§ **Brief**
When you reach the line with "#32=EDGE_CURVE('E182',#29,#31,#27,.F.);" in the listing below, transcribe it and each line after it up to and including the line with "#72=EDGE_CURVE('E168',#69,#71,#67,.F.);", exactly and with nothing else.

§ **Extracted entries**

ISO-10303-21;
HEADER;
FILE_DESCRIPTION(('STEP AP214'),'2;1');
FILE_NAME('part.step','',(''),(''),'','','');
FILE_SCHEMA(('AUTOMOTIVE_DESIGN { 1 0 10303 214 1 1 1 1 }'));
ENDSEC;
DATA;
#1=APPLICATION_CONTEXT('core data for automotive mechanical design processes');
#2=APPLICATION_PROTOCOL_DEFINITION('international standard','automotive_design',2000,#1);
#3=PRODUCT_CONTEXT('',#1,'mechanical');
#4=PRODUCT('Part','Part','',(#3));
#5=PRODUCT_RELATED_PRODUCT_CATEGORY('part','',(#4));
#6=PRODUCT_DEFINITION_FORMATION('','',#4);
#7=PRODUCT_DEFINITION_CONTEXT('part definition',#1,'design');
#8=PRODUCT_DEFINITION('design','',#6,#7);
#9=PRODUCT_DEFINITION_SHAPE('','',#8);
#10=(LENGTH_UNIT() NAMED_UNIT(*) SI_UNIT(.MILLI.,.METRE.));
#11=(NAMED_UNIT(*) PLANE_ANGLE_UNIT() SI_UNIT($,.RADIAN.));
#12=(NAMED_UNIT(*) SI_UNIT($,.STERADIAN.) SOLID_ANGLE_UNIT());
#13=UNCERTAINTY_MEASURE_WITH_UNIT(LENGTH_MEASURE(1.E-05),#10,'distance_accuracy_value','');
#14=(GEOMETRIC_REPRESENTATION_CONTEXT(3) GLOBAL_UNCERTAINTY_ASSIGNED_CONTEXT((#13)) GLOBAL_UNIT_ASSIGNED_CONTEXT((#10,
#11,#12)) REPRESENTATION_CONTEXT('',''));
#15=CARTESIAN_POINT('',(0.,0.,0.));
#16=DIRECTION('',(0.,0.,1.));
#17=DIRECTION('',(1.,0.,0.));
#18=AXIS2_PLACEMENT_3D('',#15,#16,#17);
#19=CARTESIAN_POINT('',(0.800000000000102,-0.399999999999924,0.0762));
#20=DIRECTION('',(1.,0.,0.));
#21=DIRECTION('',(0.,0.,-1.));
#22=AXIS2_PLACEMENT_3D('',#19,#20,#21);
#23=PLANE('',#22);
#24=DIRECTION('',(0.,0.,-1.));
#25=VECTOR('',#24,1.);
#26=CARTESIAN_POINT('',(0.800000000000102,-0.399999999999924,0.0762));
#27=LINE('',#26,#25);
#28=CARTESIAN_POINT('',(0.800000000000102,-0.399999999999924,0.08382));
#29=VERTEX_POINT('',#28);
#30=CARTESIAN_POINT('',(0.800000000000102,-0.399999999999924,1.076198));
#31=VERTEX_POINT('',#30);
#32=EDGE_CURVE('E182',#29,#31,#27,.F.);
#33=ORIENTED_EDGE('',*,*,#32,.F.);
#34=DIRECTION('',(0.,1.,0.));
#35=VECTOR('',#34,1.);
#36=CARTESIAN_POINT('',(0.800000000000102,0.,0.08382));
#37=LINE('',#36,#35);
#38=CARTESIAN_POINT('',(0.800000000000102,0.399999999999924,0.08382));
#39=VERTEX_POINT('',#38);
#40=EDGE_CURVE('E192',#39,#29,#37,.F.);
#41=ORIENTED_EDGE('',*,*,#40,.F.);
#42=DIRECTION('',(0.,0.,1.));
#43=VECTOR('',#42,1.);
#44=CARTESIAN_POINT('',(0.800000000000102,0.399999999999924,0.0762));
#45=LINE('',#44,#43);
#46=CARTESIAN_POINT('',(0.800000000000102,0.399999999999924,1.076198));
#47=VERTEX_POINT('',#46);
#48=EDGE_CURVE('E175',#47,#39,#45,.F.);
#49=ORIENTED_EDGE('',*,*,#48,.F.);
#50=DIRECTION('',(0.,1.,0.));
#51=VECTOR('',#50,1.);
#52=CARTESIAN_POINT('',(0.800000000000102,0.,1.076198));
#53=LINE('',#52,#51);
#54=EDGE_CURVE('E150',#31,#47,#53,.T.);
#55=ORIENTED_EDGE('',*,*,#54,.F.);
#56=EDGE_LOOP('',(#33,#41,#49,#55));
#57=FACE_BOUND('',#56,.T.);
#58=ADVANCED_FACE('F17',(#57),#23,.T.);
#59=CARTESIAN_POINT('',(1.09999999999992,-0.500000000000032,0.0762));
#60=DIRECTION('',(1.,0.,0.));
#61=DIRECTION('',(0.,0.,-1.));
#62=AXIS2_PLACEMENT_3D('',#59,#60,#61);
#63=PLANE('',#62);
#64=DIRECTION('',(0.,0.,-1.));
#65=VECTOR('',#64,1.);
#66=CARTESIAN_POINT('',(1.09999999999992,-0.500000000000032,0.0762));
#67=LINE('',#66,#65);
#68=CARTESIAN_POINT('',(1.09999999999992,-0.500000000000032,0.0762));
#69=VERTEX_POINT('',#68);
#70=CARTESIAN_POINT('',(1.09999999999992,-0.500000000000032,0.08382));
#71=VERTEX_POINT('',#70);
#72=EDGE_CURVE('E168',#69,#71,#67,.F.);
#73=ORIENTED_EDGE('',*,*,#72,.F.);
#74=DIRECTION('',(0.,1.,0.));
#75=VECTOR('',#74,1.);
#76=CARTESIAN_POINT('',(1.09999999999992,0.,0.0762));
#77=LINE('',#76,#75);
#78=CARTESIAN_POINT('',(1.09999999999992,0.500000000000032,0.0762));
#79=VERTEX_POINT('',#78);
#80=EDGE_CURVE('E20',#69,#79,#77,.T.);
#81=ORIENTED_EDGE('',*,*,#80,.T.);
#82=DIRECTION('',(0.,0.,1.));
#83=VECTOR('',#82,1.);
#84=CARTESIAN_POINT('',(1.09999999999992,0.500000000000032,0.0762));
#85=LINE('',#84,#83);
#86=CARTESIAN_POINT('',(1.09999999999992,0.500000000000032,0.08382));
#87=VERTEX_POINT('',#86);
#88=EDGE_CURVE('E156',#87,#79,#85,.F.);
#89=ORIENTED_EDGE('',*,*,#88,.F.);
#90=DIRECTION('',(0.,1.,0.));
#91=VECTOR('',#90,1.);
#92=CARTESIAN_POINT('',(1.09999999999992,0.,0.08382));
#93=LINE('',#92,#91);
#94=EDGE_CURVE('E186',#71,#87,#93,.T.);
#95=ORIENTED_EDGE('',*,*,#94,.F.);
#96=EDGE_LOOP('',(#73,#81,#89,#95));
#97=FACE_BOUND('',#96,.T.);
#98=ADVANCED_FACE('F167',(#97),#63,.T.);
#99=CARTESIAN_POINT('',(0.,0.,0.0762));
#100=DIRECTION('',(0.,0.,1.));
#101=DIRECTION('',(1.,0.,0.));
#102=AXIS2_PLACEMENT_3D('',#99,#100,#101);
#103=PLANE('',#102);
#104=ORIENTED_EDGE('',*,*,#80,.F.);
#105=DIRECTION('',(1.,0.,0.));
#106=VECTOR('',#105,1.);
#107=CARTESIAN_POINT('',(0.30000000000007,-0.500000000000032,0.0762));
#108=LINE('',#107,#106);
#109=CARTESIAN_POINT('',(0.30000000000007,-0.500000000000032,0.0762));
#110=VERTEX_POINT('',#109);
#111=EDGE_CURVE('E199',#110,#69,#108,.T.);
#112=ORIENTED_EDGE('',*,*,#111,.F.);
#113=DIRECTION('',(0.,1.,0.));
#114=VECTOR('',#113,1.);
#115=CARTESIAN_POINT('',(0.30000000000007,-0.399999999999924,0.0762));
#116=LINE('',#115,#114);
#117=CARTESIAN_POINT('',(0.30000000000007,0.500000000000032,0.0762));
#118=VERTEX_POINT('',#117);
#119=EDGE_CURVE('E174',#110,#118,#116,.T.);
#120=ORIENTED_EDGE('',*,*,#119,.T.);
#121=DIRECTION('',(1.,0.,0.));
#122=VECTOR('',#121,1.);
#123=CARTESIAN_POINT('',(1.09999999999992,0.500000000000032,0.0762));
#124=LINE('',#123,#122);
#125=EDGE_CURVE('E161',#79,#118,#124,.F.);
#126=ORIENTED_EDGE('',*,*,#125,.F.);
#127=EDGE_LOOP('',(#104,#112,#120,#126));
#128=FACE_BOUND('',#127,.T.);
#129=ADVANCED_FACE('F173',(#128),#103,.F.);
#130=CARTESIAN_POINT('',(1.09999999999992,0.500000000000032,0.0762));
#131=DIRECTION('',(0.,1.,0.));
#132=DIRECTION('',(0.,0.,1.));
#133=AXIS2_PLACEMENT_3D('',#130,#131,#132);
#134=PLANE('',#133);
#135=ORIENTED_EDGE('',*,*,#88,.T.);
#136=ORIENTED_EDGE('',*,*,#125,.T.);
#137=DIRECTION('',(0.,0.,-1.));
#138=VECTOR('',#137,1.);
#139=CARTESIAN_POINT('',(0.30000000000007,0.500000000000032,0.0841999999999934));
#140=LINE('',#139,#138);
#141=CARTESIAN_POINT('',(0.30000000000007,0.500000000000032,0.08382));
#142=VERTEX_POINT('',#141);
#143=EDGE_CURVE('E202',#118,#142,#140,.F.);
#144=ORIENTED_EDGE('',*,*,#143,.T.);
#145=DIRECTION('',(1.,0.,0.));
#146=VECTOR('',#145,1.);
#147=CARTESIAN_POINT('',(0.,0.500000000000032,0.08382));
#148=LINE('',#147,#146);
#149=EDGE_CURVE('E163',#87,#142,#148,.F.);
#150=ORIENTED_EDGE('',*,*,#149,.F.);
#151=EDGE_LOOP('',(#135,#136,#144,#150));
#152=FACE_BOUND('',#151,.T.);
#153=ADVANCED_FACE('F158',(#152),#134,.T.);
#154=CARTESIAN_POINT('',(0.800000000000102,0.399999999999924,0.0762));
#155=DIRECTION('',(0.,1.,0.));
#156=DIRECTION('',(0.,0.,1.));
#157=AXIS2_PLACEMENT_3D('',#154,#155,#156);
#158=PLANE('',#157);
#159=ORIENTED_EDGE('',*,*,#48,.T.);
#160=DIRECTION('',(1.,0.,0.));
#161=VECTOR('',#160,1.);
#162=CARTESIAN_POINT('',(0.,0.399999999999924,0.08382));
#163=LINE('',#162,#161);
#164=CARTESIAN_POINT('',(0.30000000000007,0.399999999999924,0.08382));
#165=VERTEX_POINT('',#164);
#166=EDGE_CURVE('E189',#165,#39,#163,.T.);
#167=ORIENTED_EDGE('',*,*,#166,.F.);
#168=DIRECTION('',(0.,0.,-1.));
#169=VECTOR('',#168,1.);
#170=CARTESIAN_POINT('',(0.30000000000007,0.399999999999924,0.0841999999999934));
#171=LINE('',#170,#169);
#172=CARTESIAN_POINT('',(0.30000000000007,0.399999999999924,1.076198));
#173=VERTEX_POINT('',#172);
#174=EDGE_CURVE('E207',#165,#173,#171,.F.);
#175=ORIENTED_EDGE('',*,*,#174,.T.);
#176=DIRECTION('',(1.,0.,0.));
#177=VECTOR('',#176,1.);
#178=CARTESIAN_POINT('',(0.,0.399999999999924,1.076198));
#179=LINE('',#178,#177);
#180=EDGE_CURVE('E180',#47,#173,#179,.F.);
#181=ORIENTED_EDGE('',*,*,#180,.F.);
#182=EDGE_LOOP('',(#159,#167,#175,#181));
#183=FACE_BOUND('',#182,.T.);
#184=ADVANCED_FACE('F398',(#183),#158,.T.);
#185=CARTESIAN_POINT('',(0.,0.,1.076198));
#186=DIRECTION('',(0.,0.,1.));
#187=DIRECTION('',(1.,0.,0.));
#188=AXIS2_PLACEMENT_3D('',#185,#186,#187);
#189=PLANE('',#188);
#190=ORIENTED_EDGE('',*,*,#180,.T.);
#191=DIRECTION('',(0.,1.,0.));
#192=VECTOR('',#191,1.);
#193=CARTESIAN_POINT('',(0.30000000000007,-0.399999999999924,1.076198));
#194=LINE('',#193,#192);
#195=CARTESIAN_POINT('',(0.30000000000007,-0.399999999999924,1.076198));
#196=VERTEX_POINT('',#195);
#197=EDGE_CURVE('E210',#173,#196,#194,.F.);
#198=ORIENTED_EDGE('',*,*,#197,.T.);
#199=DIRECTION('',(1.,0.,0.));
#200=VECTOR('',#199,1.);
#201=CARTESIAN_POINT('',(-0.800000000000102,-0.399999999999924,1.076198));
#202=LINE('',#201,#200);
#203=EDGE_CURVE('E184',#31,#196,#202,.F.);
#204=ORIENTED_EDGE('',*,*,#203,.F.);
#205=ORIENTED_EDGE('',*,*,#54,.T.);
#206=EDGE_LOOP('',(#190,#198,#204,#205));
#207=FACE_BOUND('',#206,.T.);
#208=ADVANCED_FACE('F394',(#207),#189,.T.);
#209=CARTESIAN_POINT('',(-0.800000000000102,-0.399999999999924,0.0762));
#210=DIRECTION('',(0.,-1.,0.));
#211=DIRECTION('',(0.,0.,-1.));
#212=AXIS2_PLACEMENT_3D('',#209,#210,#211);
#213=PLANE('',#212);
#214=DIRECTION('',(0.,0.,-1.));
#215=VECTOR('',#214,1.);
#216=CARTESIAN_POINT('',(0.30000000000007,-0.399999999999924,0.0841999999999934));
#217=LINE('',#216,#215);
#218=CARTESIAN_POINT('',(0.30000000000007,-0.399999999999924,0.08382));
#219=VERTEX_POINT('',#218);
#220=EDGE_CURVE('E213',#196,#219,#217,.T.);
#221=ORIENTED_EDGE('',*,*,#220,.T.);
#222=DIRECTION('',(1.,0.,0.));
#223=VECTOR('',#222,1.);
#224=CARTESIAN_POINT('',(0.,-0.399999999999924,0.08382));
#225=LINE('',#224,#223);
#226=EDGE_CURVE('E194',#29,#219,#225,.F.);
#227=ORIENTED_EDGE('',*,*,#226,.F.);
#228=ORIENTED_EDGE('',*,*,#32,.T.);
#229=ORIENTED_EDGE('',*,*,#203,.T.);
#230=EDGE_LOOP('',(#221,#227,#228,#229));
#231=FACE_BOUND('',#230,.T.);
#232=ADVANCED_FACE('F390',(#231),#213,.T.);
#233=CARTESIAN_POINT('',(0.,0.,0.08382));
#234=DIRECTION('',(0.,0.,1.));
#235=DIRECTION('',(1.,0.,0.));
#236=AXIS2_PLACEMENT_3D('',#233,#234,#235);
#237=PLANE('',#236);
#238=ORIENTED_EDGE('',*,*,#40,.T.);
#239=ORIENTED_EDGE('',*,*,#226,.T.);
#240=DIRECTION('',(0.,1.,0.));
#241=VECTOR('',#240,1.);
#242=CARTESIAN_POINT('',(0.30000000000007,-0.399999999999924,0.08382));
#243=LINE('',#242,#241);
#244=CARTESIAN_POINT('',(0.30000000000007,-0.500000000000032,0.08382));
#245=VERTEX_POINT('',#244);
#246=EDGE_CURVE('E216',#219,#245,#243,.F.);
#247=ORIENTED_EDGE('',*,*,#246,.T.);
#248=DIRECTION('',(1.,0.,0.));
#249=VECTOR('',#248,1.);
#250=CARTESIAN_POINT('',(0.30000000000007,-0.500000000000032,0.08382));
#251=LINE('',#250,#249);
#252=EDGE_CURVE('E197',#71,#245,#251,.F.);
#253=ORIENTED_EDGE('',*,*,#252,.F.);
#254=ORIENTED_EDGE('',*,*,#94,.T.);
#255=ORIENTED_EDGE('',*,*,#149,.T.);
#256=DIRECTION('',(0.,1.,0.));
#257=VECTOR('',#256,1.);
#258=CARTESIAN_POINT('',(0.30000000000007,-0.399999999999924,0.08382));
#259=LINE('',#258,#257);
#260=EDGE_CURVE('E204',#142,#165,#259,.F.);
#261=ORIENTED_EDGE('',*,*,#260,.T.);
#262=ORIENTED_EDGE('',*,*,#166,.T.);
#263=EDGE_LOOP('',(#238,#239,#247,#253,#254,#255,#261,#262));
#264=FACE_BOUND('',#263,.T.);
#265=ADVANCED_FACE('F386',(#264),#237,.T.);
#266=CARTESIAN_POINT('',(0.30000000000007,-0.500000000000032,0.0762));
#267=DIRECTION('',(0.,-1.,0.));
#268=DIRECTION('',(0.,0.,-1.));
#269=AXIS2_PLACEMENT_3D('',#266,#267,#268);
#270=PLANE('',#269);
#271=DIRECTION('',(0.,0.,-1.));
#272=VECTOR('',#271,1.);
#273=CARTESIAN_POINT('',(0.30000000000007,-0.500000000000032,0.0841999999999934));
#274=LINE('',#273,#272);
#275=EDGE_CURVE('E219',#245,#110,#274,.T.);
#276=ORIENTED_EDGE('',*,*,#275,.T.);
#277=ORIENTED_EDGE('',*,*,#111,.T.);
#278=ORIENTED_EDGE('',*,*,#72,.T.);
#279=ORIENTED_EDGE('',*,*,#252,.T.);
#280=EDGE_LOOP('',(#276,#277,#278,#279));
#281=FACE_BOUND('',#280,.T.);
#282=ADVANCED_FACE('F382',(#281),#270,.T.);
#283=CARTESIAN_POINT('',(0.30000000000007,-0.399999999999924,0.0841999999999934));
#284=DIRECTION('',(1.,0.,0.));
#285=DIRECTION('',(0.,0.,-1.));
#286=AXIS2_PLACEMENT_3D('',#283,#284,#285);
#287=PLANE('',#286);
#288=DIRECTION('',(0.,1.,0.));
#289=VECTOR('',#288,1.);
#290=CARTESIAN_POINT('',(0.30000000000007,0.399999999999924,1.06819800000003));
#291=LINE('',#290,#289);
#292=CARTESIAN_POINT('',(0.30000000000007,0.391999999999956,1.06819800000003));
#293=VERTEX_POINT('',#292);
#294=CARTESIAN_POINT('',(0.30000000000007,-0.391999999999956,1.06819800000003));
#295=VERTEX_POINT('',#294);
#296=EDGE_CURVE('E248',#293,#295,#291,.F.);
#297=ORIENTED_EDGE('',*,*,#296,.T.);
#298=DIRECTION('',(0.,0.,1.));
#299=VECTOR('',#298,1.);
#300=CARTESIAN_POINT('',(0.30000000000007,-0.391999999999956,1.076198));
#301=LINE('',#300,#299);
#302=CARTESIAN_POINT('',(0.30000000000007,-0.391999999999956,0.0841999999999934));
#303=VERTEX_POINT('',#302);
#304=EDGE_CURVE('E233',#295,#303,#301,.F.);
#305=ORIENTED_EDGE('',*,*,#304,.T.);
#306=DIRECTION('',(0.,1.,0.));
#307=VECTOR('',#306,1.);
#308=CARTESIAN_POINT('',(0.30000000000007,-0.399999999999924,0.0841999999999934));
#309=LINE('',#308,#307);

§ **Result for this exercise**
#32=EDGE_CURVE('E182',#29,#31,#27,.F.);
#33=ORIENTED_EDGE('',*,*,#32,.F.);
#34=DIRECTION('',(0.,1.,0.));
#35=VECTOR('',#34,1.);
#36=CARTESIAN_POINT('',(0.800000000000102,0.,0.08382));
#37=LINE('',#36,#35);
#38=CARTESIAN_POINT('',(0.800000000000102,0.399999999999924,0.08382));
#39=VERTEX_POINT('',#38);
#40=EDGE_CURVE('E192',#39,#29,#37,.F.);
#41=ORIENTED_EDGE('',*,*,#40,.F.);
#42=DIRECTION('',(0.,0.,1.));
#43=VECTOR('',#42,1.);
#44=CARTESIAN_POINT('',(0.800000000000102,0.399999999999924,0.0762));
#45=LINE('',#44,#43);
#46=CARTESIAN_POINT('',(0.800000000000102,0.399999999999924,1.076198));
#47=VERTEX_POINT('',#46);
#48=EDGE_CURVE('E175',#47,#39,#45,.F.);
#49=ORIENTED_EDGE('',*,*,#48,.F.);
#50=DIRECTION('',(0.,1.,0.));
#51=VECTOR('',#50,1.);
#52=CARTESIAN_POINT('',(0.800000000000102,0.,1.076198));
#53=LINE('',#52,#51);
#54=EDGE_CURVE('E150',#31,#47,#53,.T.);
#55=ORIENTED_EDGE('',*,*,#54,.F.);
#56=EDGE_LOOP('',(#33,#41,#49,#55));
#57=FACE_BOUND('',#56,.T.);
#58=ADVANCED_FACE('F17',(#57),#23,.T.);
#59=CARTESIAN_POINT('',(1.09999999999992,-0.500000000000032,0.0762));
#60=DIRECTION('',(1.,0.,0.));
#61=DIRECTION('',(0.,0.,-1.));
#62=AXIS2_PLACEMENT_3D('',#59,#60,#61);
#63=PLANE('',#62);
#64=DIRECTION('',(0.,0.,-1.));
#65=VECTOR('',#64,1.);
#66=CARTESIAN_POINT('',(1.09999999999992,-0.500000000000032,0.0762));
#67=LINE('',#66,#65);
#68=CARTESIAN_POINT('',(1.09999999999992,-0.500000000000032,0.0762));
#69=VERTEX_POINT('',#68);
#70=CARTESIAN_POINT('',(1.09999999999992,-0.500000000000032,0.08382));
#71=VERTEX_POINT('',#70);
#72=EDGE_CURVE('E168',#69,#71,#67,.F.);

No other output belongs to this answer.